> _Task goal_
With the pictures set aside, write out all of the data exactly as it stands.

> _Material to process_
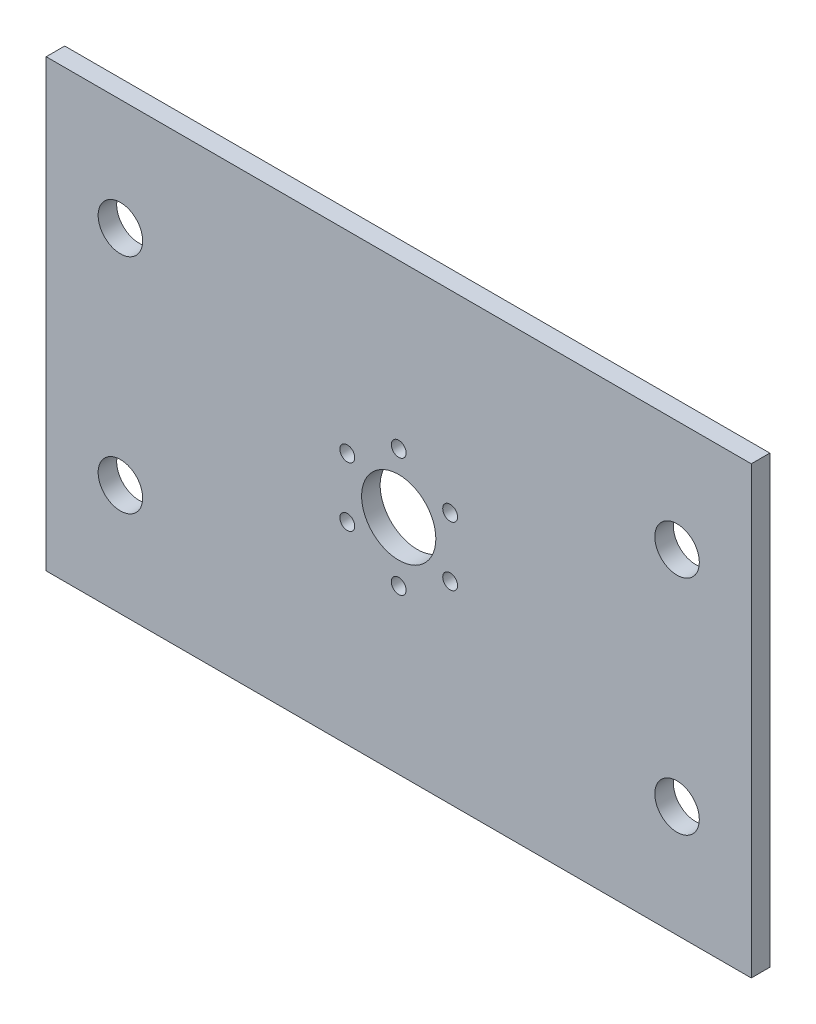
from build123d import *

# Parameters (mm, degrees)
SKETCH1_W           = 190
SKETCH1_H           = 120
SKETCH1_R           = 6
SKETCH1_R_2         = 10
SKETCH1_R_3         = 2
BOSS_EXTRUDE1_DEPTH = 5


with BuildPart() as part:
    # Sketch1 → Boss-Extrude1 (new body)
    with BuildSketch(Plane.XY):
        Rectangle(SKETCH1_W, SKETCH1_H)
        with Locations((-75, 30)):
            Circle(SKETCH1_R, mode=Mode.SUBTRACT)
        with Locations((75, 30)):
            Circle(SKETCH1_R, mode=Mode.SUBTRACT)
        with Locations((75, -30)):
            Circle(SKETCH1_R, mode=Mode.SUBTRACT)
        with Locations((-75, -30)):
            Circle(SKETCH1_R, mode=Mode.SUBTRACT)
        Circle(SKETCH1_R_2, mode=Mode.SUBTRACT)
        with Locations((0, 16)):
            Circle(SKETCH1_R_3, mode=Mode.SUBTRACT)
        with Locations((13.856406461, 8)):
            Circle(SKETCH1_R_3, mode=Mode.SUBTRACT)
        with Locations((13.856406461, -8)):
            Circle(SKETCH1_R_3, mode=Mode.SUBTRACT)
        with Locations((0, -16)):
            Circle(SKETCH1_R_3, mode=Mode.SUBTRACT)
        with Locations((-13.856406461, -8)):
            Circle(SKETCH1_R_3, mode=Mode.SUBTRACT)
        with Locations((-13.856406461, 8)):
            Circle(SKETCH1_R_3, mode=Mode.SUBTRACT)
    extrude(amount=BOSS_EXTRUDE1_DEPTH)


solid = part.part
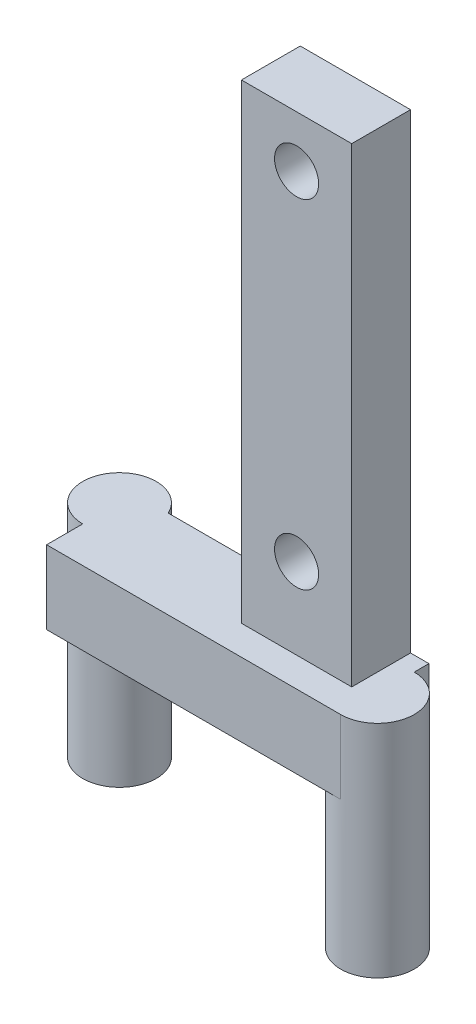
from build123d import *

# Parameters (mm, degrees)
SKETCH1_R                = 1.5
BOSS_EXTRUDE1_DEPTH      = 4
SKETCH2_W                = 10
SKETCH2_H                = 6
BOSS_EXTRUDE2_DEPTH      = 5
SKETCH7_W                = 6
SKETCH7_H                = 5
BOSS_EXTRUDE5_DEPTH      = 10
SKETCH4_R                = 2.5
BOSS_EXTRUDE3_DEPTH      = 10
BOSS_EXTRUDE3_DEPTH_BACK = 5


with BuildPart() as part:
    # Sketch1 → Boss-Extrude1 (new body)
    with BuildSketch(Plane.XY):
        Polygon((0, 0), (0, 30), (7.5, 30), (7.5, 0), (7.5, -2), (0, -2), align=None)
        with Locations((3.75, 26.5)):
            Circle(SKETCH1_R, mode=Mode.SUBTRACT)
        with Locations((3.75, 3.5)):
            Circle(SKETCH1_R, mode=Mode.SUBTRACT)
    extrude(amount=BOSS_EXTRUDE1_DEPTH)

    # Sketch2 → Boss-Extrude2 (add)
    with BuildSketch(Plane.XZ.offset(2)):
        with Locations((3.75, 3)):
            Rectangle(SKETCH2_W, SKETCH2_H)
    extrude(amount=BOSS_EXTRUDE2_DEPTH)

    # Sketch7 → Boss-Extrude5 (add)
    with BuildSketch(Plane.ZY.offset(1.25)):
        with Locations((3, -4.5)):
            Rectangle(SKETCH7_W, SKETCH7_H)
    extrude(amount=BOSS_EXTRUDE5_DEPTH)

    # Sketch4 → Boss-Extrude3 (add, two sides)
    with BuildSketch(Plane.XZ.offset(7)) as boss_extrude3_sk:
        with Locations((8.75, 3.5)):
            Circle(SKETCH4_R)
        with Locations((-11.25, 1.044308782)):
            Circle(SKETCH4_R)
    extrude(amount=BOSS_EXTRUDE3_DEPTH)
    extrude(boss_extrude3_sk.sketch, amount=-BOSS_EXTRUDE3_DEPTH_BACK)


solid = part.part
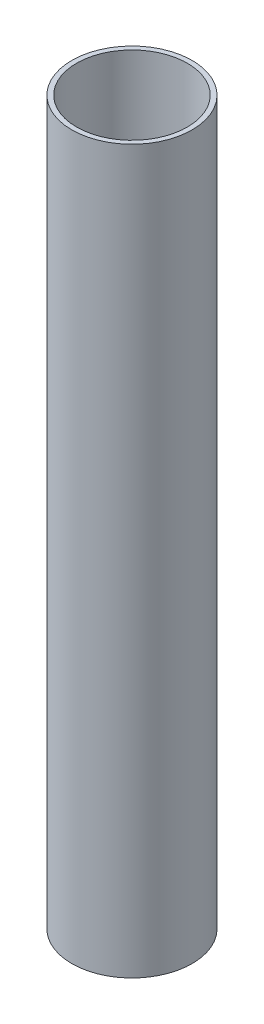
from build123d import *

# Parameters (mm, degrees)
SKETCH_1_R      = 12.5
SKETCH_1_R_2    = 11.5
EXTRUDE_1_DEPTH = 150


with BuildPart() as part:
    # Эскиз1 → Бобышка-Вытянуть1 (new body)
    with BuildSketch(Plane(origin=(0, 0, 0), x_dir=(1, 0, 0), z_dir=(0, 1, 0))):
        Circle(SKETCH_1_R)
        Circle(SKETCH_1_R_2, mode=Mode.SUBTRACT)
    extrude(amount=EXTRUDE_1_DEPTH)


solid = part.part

> _Reply to the task_
from build123d import *

# Parameters (mm, degrees)
SKETCH1_W           = 190
SKETCH1_H           = 120
SKETCH1_R           = 6
SKETCH1_R_2         = 10
SKETCH1_R_3         = 2
BOSS_EXTRUDE1_DEPTH = 5


with BuildPart() as part:
    # Sketch1 → Boss-Extrude1 (new body)
    with BuildSketch(Plane.XY):
        Rectangle(SKETCH1_W, SKETCH1_H)
        with Locations((-75, 30)):
            Circle(SKETCH1_R, mode=Mode.SUBTRACT)
        with Locations((75, 30)):
            Circle(SKETCH1_R, mode=Mode.SUBTRACT)
        with Locations((75, -30)):
            Circle(SKETCH1_R, mode=Mode.SUBTRACT)
        with Locations((-75, -30)):
            Circle(SKETCH1_R, mode=Mode.SUBTRACT)
        Circle(SKETCH1_R_2, mode=Mode.SUBTRACT)
        with Locations((0, 16)):
            Circle(SKETCH1_R_3, mode=Mode.SUBTRACT)
        with Locations((13.856406461, 8)):
            Circle(SKETCH1_R_3, mode=Mode.SUBTRACT)
        with Locations((13.856406461, -8)):
            Circle(SKETCH1_R_3, mode=Mode.SUBTRACT)
        with Locations((0, -16)):
            Circle(SKETCH1_R_3, mode=Mode.SUBTRACT)
        with Locations((-13.856406461, -8)):
            Circle(SKETCH1_R_3, mode=Mode.SUBTRACT)
        with Locations((-13.856406461, 8)):
            Circle(SKETCH1_R_3, mode=Mode.SUBTRACT)
    extrude(amount=BOSS_EXTRUDE1_DEPTH)


solid = part.part
from build123d import *

# Parameters (mm, degrees)
SKETCH1_R                = 1.5
BOSS_EXTRUDE1_DEPTH      = 4
SKETCH2_W                = 10
SKETCH2_H                = 6
BOSS_EXTRUDE2_DEPTH      = 5
SKETCH7_W                = 6
SKETCH7_H                = 5
BOSS_EXTRUDE5_DEPTH      = 10
SKETCH4_R                = 2.5
BOSS_EXTRUDE3_DEPTH      = 10
BOSS_EXTRUDE3_DEPTH_BACK = 5


with BuildPart() as part:
    # Sketch1 → Boss-Extrude1 (new body)
    with BuildSketch(Plane.XY):
        Polygon((0, 0), (0, 30), (7.5, 30), (7.5, 0), (7.5, -2), (0, -2), align=None)
        with Locations((3.75, 26.5)):
            Circle(SKETCH1_R, mode=Mode.SUBTRACT)
        with Locations((3.75, 3.5)):
            Circle(SKETCH1_R, mode=Mode.SUBTRACT)
    extrude(amount=BOSS_EXTRUDE1_DEPTH)

    # Sketch2 → Boss-Extrude2 (add)
    with BuildSketch(Plane.XZ.offset(2)):
        with Locations((3.75, 3)):
            Rectangle(SKETCH2_W, SKETCH2_H)
    extrude(amount=BOSS_EXTRUDE2_DEPTH)

    # Sketch7 → Boss-Extrude5 (add)
    with BuildSketch(Plane.ZY.offset(1.25)):
        with Locations((3, -4.5)):
            Rectangle(SKETCH7_W, SKETCH7_H)
    extrude(amount=BOSS_EXTRUDE5_DEPTH)

    # Sketch4 → Boss-Extrude3 (add, two sides)
    with BuildSketch(Plane.XZ.offset(7)) as boss_extrude3_sk:
        with Locations((8.75, 3.5)):
            Circle(SKETCH4_R)
        with Locations((-11.25, 1.044308782)):
            Circle(SKETCH4_R)
    extrude(amount=BOSS_EXTRUDE3_DEPTH)
    extrude(boss_extrude3_sk.sketch, amount=-BOSS_EXTRUDE3_DEPTH_BACK)


solid = part.part
from build123d import *

# Parameters (mm, degrees)
SKETCH_1_R      = 12.5
SKETCH_1_R_2    = 11.5
EXTRUDE_1_DEPTH = 150


with BuildPart() as part:
    # Эскиз1 → Бобышка-Вытянуть1 (new body)
    with BuildSketch(Plane(origin=(0, 0, 0), x_dir=(1, 0, 0), z_dir=(0, 1, 0))):
        Circle(SKETCH_1_R)
        Circle(SKETCH_1_R_2, mode=Mode.SUBTRACT)
    extrude(amount=EXTRUDE_1_DEPTH)


solid = part.part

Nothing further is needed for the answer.